Business Week’s piece isn’t much better than the Times’, though at least reporter John Tozzi had the decency not to start off with an emotionally manipulative anecdote of supposed human suffering. His third paragraph, however, centers around “analysis” from the student-centric Project on Student Debt, and he rolls out the ol’ Tale of Woe right after:

“It’s just so frustrating,” says Susan D. Strayer, director of talent acquisition for Ritz-Carlton in Washington. “They tell you to be self-made. They tell you get yourself a good education and you can get yourself into a pretty big hole.” Strayer, 33, has $90,000 in student loan debt from her bachelor’s at Virginia Tech and a master’s from George Washington University. She also has an MBA from Vanderbilt University, which she earned on a full scholarship—but skipped two years of earnings to acquire. Strayer says her monthly loan payments of $600 barely budge the principal on her debt. She doesn’t regret her educational decisions, although she says the debt load has made her put off plans to pursue a consulting side business full-time.

So Ms.

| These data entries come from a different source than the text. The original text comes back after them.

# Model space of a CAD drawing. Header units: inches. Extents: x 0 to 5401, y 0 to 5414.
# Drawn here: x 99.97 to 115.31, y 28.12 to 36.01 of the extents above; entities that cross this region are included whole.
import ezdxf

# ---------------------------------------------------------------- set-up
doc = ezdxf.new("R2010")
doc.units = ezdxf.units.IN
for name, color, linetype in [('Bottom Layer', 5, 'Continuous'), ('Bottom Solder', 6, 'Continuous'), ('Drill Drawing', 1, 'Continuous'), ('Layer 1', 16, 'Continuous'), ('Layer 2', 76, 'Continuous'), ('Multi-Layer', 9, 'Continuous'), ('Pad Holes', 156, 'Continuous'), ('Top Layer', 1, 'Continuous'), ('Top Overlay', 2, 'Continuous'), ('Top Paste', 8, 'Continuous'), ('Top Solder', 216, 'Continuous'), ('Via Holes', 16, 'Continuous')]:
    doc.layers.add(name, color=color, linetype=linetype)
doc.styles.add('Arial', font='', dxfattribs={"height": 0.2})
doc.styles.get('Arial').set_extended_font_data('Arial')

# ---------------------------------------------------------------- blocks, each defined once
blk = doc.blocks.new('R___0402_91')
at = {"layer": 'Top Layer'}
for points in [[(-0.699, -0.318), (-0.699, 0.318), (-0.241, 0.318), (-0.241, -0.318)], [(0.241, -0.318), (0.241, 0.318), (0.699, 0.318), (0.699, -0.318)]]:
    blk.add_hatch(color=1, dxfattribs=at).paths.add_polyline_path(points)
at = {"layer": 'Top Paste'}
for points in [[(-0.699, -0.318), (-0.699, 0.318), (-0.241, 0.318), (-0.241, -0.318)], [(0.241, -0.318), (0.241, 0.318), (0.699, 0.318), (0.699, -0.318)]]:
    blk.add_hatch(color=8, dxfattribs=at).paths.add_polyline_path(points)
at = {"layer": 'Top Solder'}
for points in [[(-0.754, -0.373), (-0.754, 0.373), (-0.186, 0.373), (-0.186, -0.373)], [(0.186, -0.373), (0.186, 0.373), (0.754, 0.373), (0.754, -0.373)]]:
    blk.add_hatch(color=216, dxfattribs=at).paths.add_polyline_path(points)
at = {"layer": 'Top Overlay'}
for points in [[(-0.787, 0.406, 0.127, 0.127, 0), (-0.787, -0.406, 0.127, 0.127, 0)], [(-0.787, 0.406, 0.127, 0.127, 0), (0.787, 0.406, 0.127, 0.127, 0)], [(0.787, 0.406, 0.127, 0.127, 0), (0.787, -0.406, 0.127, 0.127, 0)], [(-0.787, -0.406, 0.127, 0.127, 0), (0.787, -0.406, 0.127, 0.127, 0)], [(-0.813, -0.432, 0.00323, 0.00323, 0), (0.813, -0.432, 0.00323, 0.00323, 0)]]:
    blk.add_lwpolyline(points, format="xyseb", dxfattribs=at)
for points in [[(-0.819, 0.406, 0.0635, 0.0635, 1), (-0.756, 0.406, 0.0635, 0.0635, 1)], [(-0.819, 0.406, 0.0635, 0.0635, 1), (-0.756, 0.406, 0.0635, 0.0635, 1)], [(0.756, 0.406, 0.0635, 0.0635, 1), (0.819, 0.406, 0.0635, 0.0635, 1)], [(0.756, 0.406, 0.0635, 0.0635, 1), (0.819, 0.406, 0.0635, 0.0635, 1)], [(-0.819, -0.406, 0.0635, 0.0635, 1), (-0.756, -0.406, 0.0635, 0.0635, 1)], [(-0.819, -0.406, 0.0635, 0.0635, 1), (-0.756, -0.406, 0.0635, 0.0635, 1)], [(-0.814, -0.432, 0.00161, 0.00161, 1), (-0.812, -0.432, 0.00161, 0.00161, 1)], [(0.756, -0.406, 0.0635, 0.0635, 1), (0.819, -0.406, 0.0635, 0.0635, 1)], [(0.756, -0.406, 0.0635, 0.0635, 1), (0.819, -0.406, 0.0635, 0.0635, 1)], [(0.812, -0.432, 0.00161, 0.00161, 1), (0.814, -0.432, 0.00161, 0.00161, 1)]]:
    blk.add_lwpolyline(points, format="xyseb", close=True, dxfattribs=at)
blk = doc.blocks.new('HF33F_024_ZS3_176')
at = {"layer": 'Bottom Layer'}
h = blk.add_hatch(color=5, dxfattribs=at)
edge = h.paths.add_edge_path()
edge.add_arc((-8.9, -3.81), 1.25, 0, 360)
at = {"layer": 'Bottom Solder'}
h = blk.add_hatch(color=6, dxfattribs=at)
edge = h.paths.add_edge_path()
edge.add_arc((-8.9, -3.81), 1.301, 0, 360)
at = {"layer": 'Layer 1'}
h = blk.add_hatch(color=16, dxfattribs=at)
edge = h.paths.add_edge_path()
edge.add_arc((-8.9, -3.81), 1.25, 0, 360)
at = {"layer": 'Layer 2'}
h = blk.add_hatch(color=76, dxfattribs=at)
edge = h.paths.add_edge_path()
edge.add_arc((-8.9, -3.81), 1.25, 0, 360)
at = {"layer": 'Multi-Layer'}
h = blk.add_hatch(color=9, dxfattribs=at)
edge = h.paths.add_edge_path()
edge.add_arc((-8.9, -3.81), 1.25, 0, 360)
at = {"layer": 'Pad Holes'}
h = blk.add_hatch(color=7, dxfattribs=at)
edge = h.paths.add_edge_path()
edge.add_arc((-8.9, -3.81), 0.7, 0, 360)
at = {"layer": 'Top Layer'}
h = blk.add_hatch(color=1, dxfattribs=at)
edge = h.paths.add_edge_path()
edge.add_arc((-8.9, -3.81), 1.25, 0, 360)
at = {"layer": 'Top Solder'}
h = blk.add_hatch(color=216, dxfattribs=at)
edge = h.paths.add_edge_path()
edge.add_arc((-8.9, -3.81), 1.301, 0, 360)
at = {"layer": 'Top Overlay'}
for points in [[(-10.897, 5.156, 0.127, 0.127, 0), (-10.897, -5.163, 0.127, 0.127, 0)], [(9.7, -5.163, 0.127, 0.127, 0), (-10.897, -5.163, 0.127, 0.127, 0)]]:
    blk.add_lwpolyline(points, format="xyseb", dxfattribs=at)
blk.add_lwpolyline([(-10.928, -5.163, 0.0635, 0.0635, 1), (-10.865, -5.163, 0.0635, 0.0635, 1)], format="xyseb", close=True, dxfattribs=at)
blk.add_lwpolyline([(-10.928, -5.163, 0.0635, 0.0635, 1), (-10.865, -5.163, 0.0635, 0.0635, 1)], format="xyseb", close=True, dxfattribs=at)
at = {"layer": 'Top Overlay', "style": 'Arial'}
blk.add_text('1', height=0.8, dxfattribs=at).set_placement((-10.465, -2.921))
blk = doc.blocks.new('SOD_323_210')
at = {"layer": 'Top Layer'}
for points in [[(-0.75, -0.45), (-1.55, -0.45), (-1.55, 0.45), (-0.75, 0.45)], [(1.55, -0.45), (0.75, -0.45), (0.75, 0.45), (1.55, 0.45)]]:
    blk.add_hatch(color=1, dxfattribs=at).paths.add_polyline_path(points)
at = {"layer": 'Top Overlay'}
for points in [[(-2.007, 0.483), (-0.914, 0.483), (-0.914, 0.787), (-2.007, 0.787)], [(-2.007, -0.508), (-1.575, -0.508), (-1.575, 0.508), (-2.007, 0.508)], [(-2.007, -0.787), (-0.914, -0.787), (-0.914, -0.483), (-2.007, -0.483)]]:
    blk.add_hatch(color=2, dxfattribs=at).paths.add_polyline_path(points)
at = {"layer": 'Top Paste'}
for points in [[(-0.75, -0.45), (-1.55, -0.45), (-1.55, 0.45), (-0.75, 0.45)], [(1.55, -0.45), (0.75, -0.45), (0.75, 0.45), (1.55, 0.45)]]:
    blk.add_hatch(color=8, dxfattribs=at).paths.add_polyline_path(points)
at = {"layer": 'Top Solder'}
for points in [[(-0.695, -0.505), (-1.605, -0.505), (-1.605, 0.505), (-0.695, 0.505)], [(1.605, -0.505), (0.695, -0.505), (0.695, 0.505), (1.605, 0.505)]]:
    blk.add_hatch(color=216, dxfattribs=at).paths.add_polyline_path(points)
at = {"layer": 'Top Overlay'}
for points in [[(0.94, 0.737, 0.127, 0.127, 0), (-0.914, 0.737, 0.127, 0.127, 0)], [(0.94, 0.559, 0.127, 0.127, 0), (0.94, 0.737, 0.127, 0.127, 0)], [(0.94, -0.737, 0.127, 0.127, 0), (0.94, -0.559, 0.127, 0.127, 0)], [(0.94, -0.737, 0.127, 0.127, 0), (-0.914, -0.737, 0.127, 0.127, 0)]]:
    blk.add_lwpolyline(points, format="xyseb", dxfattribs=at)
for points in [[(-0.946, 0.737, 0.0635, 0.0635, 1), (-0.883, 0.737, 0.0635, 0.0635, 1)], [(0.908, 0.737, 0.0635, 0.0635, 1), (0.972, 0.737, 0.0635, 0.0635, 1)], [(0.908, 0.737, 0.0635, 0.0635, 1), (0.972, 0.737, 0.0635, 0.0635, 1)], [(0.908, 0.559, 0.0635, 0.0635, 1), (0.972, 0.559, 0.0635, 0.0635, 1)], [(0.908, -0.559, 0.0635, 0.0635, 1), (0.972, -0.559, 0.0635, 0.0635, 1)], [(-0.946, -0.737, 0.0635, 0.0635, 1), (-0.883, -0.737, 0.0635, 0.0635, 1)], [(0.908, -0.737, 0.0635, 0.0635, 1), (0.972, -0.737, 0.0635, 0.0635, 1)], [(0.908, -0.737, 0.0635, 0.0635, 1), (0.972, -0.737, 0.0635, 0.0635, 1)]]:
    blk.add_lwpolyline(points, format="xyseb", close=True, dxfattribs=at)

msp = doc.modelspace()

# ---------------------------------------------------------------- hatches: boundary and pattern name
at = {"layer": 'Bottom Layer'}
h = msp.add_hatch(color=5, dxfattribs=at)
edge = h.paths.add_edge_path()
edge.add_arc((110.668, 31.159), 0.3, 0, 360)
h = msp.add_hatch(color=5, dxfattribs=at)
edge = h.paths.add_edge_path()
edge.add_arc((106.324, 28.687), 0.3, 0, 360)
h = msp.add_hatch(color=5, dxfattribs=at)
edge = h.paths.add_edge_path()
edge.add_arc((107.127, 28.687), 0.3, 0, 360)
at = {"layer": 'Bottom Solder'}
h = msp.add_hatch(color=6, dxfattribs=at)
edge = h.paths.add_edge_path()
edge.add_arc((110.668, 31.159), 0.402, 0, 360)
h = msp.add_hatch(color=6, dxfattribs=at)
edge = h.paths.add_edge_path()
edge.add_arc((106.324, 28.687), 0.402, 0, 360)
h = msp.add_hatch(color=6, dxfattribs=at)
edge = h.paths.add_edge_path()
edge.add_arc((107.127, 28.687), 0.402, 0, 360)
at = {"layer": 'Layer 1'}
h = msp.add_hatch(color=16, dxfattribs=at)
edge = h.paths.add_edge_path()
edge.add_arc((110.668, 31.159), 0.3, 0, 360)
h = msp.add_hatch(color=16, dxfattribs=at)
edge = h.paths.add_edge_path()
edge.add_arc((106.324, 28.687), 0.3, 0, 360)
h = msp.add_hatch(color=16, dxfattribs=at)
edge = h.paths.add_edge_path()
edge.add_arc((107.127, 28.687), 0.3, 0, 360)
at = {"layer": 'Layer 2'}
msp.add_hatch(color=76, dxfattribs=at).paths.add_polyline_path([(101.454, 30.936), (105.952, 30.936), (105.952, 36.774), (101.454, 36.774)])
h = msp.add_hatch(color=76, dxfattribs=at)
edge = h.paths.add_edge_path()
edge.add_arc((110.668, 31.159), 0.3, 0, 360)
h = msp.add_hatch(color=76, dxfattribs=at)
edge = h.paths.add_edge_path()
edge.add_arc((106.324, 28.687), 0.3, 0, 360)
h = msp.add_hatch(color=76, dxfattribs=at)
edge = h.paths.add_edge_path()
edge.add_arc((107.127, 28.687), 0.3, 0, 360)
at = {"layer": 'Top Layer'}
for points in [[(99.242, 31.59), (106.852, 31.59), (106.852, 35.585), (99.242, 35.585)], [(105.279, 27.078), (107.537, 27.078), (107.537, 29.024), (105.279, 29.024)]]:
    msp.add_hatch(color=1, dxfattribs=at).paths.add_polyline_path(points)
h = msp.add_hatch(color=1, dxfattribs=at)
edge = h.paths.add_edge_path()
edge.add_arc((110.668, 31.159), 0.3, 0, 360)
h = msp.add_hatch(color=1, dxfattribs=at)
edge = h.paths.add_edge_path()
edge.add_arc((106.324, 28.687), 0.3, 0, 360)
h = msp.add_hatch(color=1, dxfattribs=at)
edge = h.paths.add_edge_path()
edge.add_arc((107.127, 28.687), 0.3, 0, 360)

Strayer chose one of the most expensive schools in the country —George Washington — for a Master’s (in what we do not know); we have no information about why she chose to finance her education through loans (she and her parents bought new cars, clothes, and stereos instead of saving for college, perhaps?); but we are supposed to feel it is a terrible thing that at 33 she hasn’t been able to start a full-time consulting business. Why is that, exactly?

Thankfully, though he frontloads anecdotes and pity parties, Tozzi ends his piece with a clear, if far too rare, voice of reason:

“It’s easy for me to say, ‘Oh, I have all this student loan debt,’ but I chose to take it and I have to deal with the consequences of that choice,” [24-year-old] Patricia Hudak says. “So many people in my generation think of everything as a short-term investment with immediate return.”

Finally, someone I can truly feel sorry for! Why? Because with journalists cheering it on, Ms. Hudak is exactly the kind of person that our political system will punish, making her pay not only for her own choices, but those of the Gays, Ms. Strayer, and countless other student debtors who really do think that everything, and everybody, should give them an immediate — and huge — payoff.